== EXERCISE INPUTS ==
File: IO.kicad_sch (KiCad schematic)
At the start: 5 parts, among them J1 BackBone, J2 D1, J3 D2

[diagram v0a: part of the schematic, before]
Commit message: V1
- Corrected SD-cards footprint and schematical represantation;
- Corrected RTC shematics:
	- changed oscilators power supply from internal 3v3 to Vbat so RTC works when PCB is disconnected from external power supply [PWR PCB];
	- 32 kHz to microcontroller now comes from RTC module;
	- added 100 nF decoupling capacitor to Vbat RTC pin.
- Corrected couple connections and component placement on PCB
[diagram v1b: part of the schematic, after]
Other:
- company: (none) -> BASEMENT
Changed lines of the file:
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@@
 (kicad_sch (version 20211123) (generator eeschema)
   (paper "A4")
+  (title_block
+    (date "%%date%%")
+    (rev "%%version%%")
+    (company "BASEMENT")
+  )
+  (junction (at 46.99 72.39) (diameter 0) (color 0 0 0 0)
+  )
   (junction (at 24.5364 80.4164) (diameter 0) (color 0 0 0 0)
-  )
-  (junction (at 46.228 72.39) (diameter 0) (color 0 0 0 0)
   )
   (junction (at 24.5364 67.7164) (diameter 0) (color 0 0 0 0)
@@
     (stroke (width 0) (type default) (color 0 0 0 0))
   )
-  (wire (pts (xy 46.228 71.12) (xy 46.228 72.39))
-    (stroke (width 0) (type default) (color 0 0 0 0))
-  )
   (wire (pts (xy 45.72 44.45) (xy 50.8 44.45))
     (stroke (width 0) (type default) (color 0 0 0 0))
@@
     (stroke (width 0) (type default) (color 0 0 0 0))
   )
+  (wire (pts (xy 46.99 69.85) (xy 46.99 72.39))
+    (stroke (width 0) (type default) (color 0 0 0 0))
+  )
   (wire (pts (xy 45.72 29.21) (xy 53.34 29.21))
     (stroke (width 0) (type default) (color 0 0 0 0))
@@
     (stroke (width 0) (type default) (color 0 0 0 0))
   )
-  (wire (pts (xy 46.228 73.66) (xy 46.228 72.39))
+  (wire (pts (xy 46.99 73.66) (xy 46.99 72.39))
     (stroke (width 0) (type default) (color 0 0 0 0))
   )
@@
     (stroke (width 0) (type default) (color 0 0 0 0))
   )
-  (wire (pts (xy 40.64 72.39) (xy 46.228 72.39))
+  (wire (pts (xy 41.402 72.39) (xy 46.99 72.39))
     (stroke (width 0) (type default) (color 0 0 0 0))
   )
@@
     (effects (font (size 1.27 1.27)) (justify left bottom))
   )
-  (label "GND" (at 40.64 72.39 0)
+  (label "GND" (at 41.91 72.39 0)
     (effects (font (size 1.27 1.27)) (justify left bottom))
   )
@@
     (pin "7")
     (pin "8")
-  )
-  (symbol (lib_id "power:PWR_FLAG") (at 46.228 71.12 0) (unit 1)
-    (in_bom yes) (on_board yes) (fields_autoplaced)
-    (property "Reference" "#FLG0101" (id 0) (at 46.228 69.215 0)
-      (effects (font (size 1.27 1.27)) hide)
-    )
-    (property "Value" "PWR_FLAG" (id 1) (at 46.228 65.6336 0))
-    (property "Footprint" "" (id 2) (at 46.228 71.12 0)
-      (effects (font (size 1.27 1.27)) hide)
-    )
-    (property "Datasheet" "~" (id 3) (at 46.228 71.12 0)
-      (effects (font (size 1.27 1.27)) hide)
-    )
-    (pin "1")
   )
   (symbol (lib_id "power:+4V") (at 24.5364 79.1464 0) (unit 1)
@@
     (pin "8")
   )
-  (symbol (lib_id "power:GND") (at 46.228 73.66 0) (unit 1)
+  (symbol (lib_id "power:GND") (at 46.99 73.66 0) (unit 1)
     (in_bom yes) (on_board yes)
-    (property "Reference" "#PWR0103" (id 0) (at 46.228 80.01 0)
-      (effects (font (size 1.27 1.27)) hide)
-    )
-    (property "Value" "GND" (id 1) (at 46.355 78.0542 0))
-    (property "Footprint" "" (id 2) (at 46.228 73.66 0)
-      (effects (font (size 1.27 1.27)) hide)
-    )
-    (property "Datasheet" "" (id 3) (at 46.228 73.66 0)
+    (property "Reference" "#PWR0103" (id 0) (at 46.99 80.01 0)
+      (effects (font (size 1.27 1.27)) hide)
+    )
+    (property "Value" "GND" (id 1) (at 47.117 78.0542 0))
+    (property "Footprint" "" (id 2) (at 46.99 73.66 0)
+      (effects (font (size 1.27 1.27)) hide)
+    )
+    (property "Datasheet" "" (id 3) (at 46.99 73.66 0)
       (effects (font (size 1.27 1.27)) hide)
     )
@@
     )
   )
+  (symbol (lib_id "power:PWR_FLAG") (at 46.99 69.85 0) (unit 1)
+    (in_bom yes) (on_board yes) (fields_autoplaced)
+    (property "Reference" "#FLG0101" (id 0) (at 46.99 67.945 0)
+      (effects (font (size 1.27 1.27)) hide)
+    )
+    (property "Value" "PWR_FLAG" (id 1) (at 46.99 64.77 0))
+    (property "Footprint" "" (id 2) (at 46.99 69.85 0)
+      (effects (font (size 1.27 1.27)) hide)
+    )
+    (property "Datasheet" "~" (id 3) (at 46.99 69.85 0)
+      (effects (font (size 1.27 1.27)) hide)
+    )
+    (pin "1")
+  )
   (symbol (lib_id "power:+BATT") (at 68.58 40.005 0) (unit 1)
===
## THE TASK
Make an exact transcription of the entries above.

## ANSWER TO THIS TASK
File: IO.kicad_sch (KiCad schematic)
At the start: 5 parts, among them J1 BackBone, J2 D1, J3 D2

[diagram v0a: part of the schematic, before]
Commit message: V1
- Corrected SD-cards footprint and schematical represantation;
- Corrected RTC shematics:
	- changed oscilators power supply from internal 3v3 to Vbat so RTC works when PCB is disconnected from external power supply [PWR PCB];
	- 32 kHz to microcontroller now comes from RTC module;
	- added 100 nF decoupling capacitor to Vbat RTC pin.
- Corrected couple connections and component placement on PCB
[diagram v1b: part of the schematic, after]
Other:
- company: (none) -> BASEMENT
Changed lines of the file:
@@
 (kicad_sch (version 20211123) (generator eeschema)
   (paper "A4")
+  (title_block
+    (date "%%date%%")
+    (rev "%%version%%")
+    (company "BASEMENT")
+  )
+  (junction (at 46.99 72.39) (diameter 0) (color 0 0 0 0)
+  )
   (junction (at 24.5364 80.4164) (diameter 0) (color 0 0 0 0)
-  )
-  (junction (at 46.228 72.39) (diameter 0) (color 0 0 0 0)
   )
   (junction (at 24.5364 67.7164) (diameter 0) (color 0 0 0 0)
@@
     (stroke (width 0) (type default) (color 0 0 0 0))
   )
-  (wire (pts (xy 46.228 71.12) (xy 46.228 72.39))
-    (stroke (width 0) (type default) (color 0 0 0 0))
-  )
   (wire (pts (xy 45.72 44.45) (xy 50.8 44.45))
     (stroke (width 0) (type default) (color 0 0 0 0))
@@
     (stroke (width 0) (type default) (color 0 0 0 0))
   )
+  (wire (pts (xy 46.99 69.85) (xy 46.99 72.39))
+    (stroke (width 0) (type default) (color 0 0 0 0))
+  )
   (wire (pts (xy 45.72 29.21) (xy 53.34 29.21))
     (stroke (width 0) (type default) (color 0 0 0 0))
@@
     (stroke (width 0) (type default) (color 0 0 0 0))
   )
-  (wire (pts (xy 46.228 73.66) (xy 46.228 72.39))
+  (wire (pts (xy 46.99 73.66) (xy 46.99 72.39))
     (stroke (width 0) (type default) (color 0 0 0 0))
   )
@@
     (stroke (width 0) (type default) (color 0 0 0 0))
   )
-  (wire (pts (xy 40.64 72.39) (xy 46.228 72.39))
+  (wire (pts (xy 41.402 72.39) (xy 46.99 72.39))
     (stroke (width 0) (type default) (color 0 0 0 0))
   )
@@
     (effects (font (size 1.27 1.27)) (justify left bottom))
   )
-  (label "GND" (at 40.64 72.39 0)
+  (label "GND" (at 41.91 72.39 0)
     (effects (font (size 1.27 1.27)) (justify left bottom))
   )
@@
     (pin "7")
     (pin "8")
-  )
-  (symbol (lib_id "power:PWR_FLAG") (at 46.228 71.12 0) (unit 1)
-    (in_bom yes) (on_board yes) (fields_autoplaced)
-    (property "Reference" "#FLG0101" (id 0) (at 46.228 69.215 0)
-      (effects (font (size 1.27 1.27)) hide)
-    )
-    (property "Value" "PWR_FLAG" (id 1) (at 46.228 65.6336 0))
-    (property "Footprint" "" (id 2) (at 46.228 71.12 0)
-      (effects (font (size 1.27 1.27)) hide)
-    )
-    (property "Datasheet" "~" (id 3) (at 46.228 71.12 0)
-      (effects (font (size 1.27 1.27)) hide)
-    )
-    (pin "1")
   )
   (symbol (lib_id "power:+4V") (at 24.5364 79.1464 0) (unit 1)
@@
     (pin "8")
   )
-  (symbol (lib_id "power:GND") (at 46.228 73.66 0) (unit 1)
+  (symbol (lib_id "power:GND") (at 46.99 73.66 0) (unit 1)
     (in_bom yes) (on_board yes)
-    (property "Reference" "#PWR0103" (id 0) (at 46.228 80.01 0)
-      (effects (font (size 1.27 1.27)) hide)
-    )
-    (property "Value" "GND" (id 1) (at 46.355 78.0542 0))
-    (property "Footprint" "" (id 2) (at 46.228 73.66 0)
-      (effects (font (size 1.27 1.27)) hide)
-    )
-    (property "Datasheet" "" (id 3) (at 46.228 73.66 0)
+    (property "Reference" "#PWR0103" (id 0) (at 46.99 80.01 0)
+      (effects (font (size 1.27 1.27)) hide)
+    )
+    (property "Value" "GND" (id 1) (at 47.117 78.0542 0))
+    (property "Footprint" "" (id 2) (at 46.99 73.66 0)
+      (effects (font (size 1.27 1.27)) hide)
+    )
+    (property "Datasheet" "" (id 3) (at 46.99 73.66 0)
       (effects (font (size 1.27 1.27)) hide)
     )
@@
     )
   )
+  (symbol (lib_id "power:PWR_FLAG") (at 46.99 69.85 0) (unit 1)
+    (in_bom yes) (on_board yes) (fields_autoplaced)
+    (property "Reference" "#FLG0101" (id 0) (at 46.99 67.945 0)
+      (effects (font (size 1.27 1.27)) hide)
+    )
+    (property "Value" "PWR_FLAG" (id 1) (at 46.99 64.77 0))
+    (property "Footprint" "" (id 2) (at 46.99 69.85 0)
+      (effects (font (size 1.27 1.27)) hide)
+    )
+    (property "Datasheet" "~" (id 3) (at 46.99 69.85 0)
+      (effects (font (size 1.27 1.27)) hide)
+    )
+    (pin "1")
+  )
   (symbol (lib_id "power:+BATT") (at 68.58 40.005 0) (unit 1)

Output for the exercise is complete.